== TASK REQUIREMENTS ==
How many lines below include the string "part"? State the number alone.

*** PROVIDED INFORMATION Section Begins ***

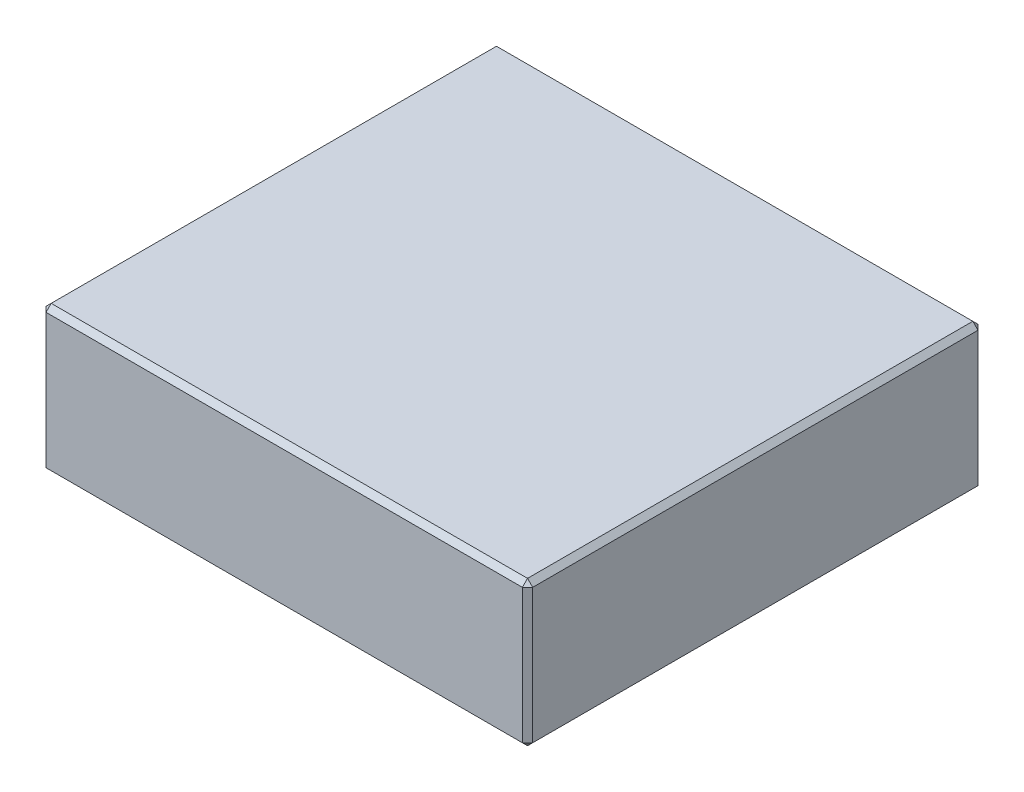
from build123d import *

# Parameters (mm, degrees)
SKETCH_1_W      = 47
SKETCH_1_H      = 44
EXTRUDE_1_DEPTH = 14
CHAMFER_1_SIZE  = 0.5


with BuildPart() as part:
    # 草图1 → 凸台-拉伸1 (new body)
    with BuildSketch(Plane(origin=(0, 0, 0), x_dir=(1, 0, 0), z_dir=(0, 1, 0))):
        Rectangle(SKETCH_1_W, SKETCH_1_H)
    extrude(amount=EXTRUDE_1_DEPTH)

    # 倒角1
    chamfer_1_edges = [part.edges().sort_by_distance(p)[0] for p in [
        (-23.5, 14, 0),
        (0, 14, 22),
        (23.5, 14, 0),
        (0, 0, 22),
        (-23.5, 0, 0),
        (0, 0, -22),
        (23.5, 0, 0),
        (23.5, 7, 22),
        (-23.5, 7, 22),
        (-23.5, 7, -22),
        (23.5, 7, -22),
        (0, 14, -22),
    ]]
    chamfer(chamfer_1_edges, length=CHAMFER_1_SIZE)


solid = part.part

*** PROVIDED INFORMATION Section Ends ***

== RESPONSE TO THIS EXERCISE ==
3